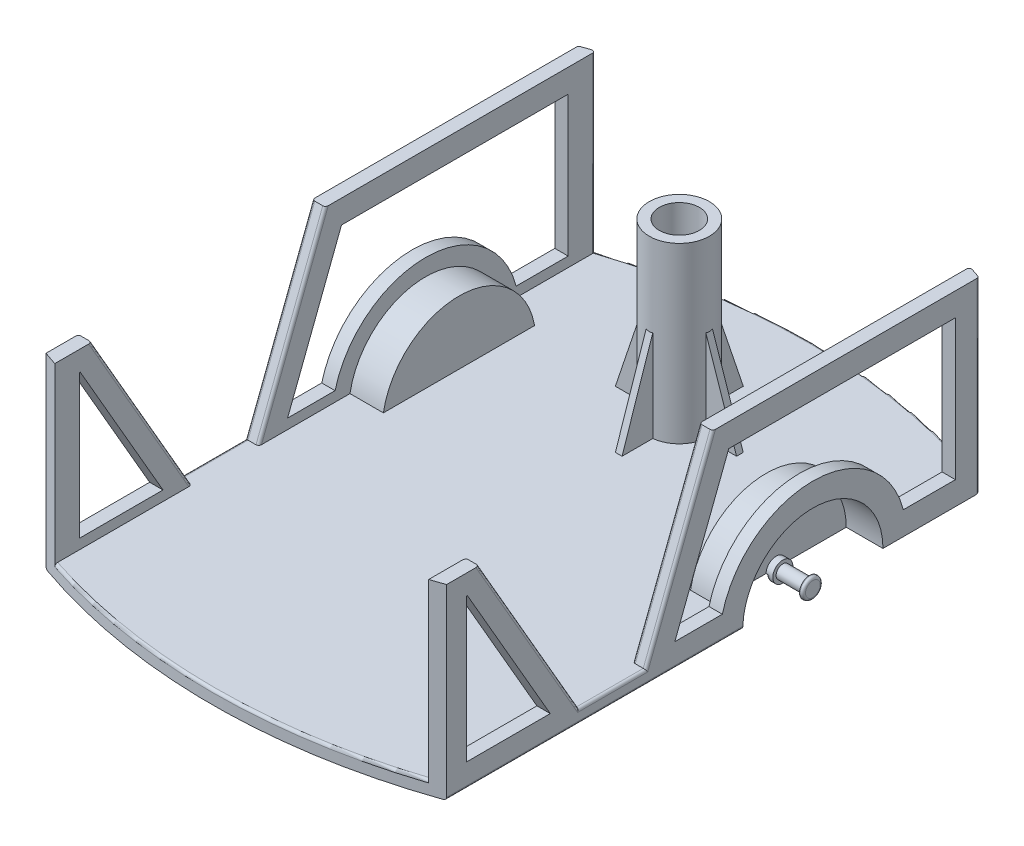
from build123d import *

# Parameters (mm, degrees)
EXTRUDE_505_DEPTH        = 300
EXTRUDE_505_DEPTH_BACK   = 300
CUT_EXTRUDE_START        = -55
SKETCH_3_R               = 105
SKETCH_3_R_2             = 10
CUT_EXTRUDE_710_DEPTH    = 55
SKETCH_4_R               = 15
EXTRUDE_1_DEPTH          = 5
EXTRUDE_START            = 10
SKETCH_5_R               = 15
EXTRUDE_2_DEPTH          = 10
SKETCH_7_W               = 2091.525423728
SKETCH_7_H               = 2000
CUT_EXTRUDE_3_DEPTH      = 742.097159622
CUT_EXTRUDE_4_DEPTH      = 230
CUT_EXTRUDE_4_DEPTH_BACK = 230
SKETCH_9_W               = 1200
SKETCH_9_H               = 400
CUT_EXTRUDE_5_DEPTH      = 280
CUT_EXTRUDE_5_DEPTH_BACK = 280
CUT_EXTRUDE_6_DEPTH      = 310
CUT_EXTRUDE_6_DEPTH_BACK = 310
CUT_EXTRUDE_7_DEPTH      = 700
CUT_EXTRUDE_8_DEPTH      = 700
SKETCH_16_R              = 45
SKETCH_16_R_2            = 30
EXTRUDE_4_DEPTH          = 260
EXTRUDE_8_DEPTH          = 5
PATTERN_CIRCULAR_1_COUNT = 4
SKETCH_18_R              = 30
EXTRUDE_6_DEPTH          = 10
FILLET_1_R               = 4
SKETCH_19_R              = 5
EXTRUDE_7_DEPTH          = 10


with BuildPart() as part:
    # 草图2 → Extrude 505 (new, two sides: drawn at the far end of the back side and taken through both)
    with BuildSketch(Plane(origin=(0, 0, 0), x_dir=(0, 0, -1), z_dir=(1, 0, 0)).offset(-EXTRUDE_505_DEPTH_BACK)):
        with BuildLine():
            Line((10, 0), (300, 0))
            Line((300, 0), (300, 300))
            Line((300, 300), (-600, 300))
            Line((-600, 300), (-600, 0))
            Line((-600, 0), (-10, 0))
            ThreePointArc((-10, 0), (0, -10), (10, 0))
        make_face()
    extrude(amount=EXTRUDE_505_DEPTH + EXTRUDE_505_DEPTH_BACK)

    # 草图3 → Cut-Extrude 710 (cut)
    with BuildSketch(Plane(origin=(300, 0, 0), x_dir=(0, 0, -1), z_dir=(1, 0, 0)).offset(CUT_EXTRUDE_START)):
        Circle(SKETCH_3_R)
        Circle(SKETCH_3_R_2, mode=Mode.SUBTRACT)
    cut_extrude_710 = extrude(amount=CUT_EXTRUDE_710_DEPTH, mode=Mode.SUBTRACT)

    # 草图4 → 轮胎固定1 (add)
    with BuildSketch(Plane(origin=(300, 0, 0), x_dir=(0, 0, -1), z_dir=(1, 0, 0))):
        Circle(SKETCH_4_R)
    extrude_1 = extrude(amount=-EXTRUDE_1_DEPTH)

    # 草图5 → 轮胎固定2 (add)
    with BuildSketch(Plane(origin=(245, 0, 0), x_dir=(0, 0, -1), z_dir=(1, 0, 0)).offset(EXTRUDE_START)):
        Circle(SKETCH_5_R)
    extrude_2 = extrude(amount=-EXTRUDE_2_DEPTH)

    # 镜向1: Cut-Extrude 710, 轮胎固定1, 轮胎固定2 across plane
    add(cut_extrude_710.mirror(Plane(origin=(0, 0, 0), x_dir=(0, 0, 1), z_dir=(1, 0, 0))), mode=Mode.SUBTRACT)
    add(extrude_1.mirror(Plane(origin=(0, 0, 0), x_dir=(0, 0, 1), z_dir=(1, 0, 0))))
    add(extrude_2.mirror(Plane(origin=(0, 0, 0), x_dir=(0, 0, 1), z_dir=(1, 0, 0))))

    # 草图7 → 切除-拉伸3 (cut, through all)
    with BuildSketch(Plane(origin=(0, 300, 0), x_dir=(1, 0, 0), z_dir=(0, 1, 0))):
        with Locations((0, -600)):
            Rectangle(SKETCH_7_W, SKETCH_7_H)
        with BuildLine():
            ThreePointArc((779.422863406, -150), (0, 300), (-779.422863406, -150))
            ThreePointArc((-779.422863406, -150), (0, -600), (779.422863406, -150))
        make_face(mode=Mode.SUBTRACT)
    extrude(amount=-CUT_EXTRUDE_3_DEPTH, mode=Mode.SUBTRACT)

    # 草图9 → 切除-拉伸4 (cut, two sides: drawn at the far end of the back side and taken through both)
    with BuildSketch(Plane(origin=(0, 0, 0), x_dir=(0, 0, -1), z_dir=(1, 0, 0)).offset(-CUT_EXTRUDE_4_DEPTH_BACK)):
        with Locations((-300, 220)):
            Rectangle(SKETCH_9_W, SKETCH_9_H)
    extrude(amount=CUT_EXTRUDE_4_DEPTH + CUT_EXTRUDE_4_DEPTH_BACK, mode=Mode.SUBTRACT)

    # 草图11 → 切除-拉伸5 (cut, two sides: drawn at the far end of the back side and taken through both)
    with BuildSketch(Plane(origin=(0, 0, 0), x_dir=(0, 0, -1), z_dir=(1, 0, 0)).offset(-CUT_EXTRUDE_5_DEPTH_BACK)):
        with BuildLine():
            Line((113.247516529, 20), (300, 20))
            Line((300, 20), (300, 400))
            Line((300, 400), (-900, 400))
            Line((-900, 400), (-900, 20))
            Line((-900, 20), (-113.247516529, 20))
            ThreePointArc((-113.247516529, 20), (0, 115), (113.247516529, 20))
        make_face()
    extrude(amount=CUT_EXTRUDE_5_DEPTH + CUT_EXTRUDE_5_DEPTH_BACK, mode=Mode.SUBTRACT)

    # 草图12 → 切除-拉伸6 (cut, two sides: drawn at the far end of the back side and taken through both)
    with BuildSketch(Plane(origin=(0, 0, 0), x_dir=(0, 0, -1), z_dir=(1, 0, 0)).offset(-CUT_EXTRUDE_6_DEPTH_BACK)):
        Polygon((300, 280), (-150, 280), (-250, 20), (-350, 20), (-500, 280), (-800, 280), (-800, 310), (300, 310), align=None)
    extrude(amount=CUT_EXTRUDE_6_DEPTH + CUT_EXTRUDE_6_DEPTH_BACK, mode=Mode.SUBTRACT)

    # 草图13 → 切除-拉伸7 (cut)
    with BuildSketch(Plane(origin=(300, 0, 0), x_dir=(0, 0, -1), z_dir=(1, 0, 0))):
        with BuildLine():
            Line((213.528137424, 35), (213.528137424, 245))
            Line((213.528137424, 245), (-125.962031561, 245))
            Line((-125.962031561, 245), (-206.731262331, 35))
            Line((-206.731262331, 35), (-135.554417117, 35))
            ThreePointArc((-135.554417117, 35), (0, 140), (135.554417117, 35))
            Line((135.554417117, 35), (213.528137424, 35))
        make_face()
    extrude(amount=-CUT_EXTRUDE_7_DEPTH, mode=Mode.SUBTRACT)

    # 草图14 → 切除-拉伸8 (cut)
    with BuildSketch(Plane(origin=(300, 0, 0), x_dir=(0, 0, -1), z_dir=(1, 0, 0))):
        Polygon((-518.528137424, 35), (-393.2884562, 35), (-517.326917738, 250), (-518.528137424, 250), align=None)
    extrude(amount=-CUT_EXTRUDE_8_DEPTH, mode=Mode.SUBTRACT)

    # 草图16 → 凸台-拉伸4 (add)
    with BuildSketch(Plane(origin=(0, 20, 0), x_dir=(1, 0, 0), z_dir=(0, 1, 0))):
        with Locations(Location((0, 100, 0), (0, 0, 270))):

* * *

Task objective →
Filter the data for the string "Rectangle". Copy each matching line.

Solved problem →
            Rectangle(SKETCH_7_W, SKETCH_7_H)
            Rectangle(SKETCH_9_W, SKETCH_9_H)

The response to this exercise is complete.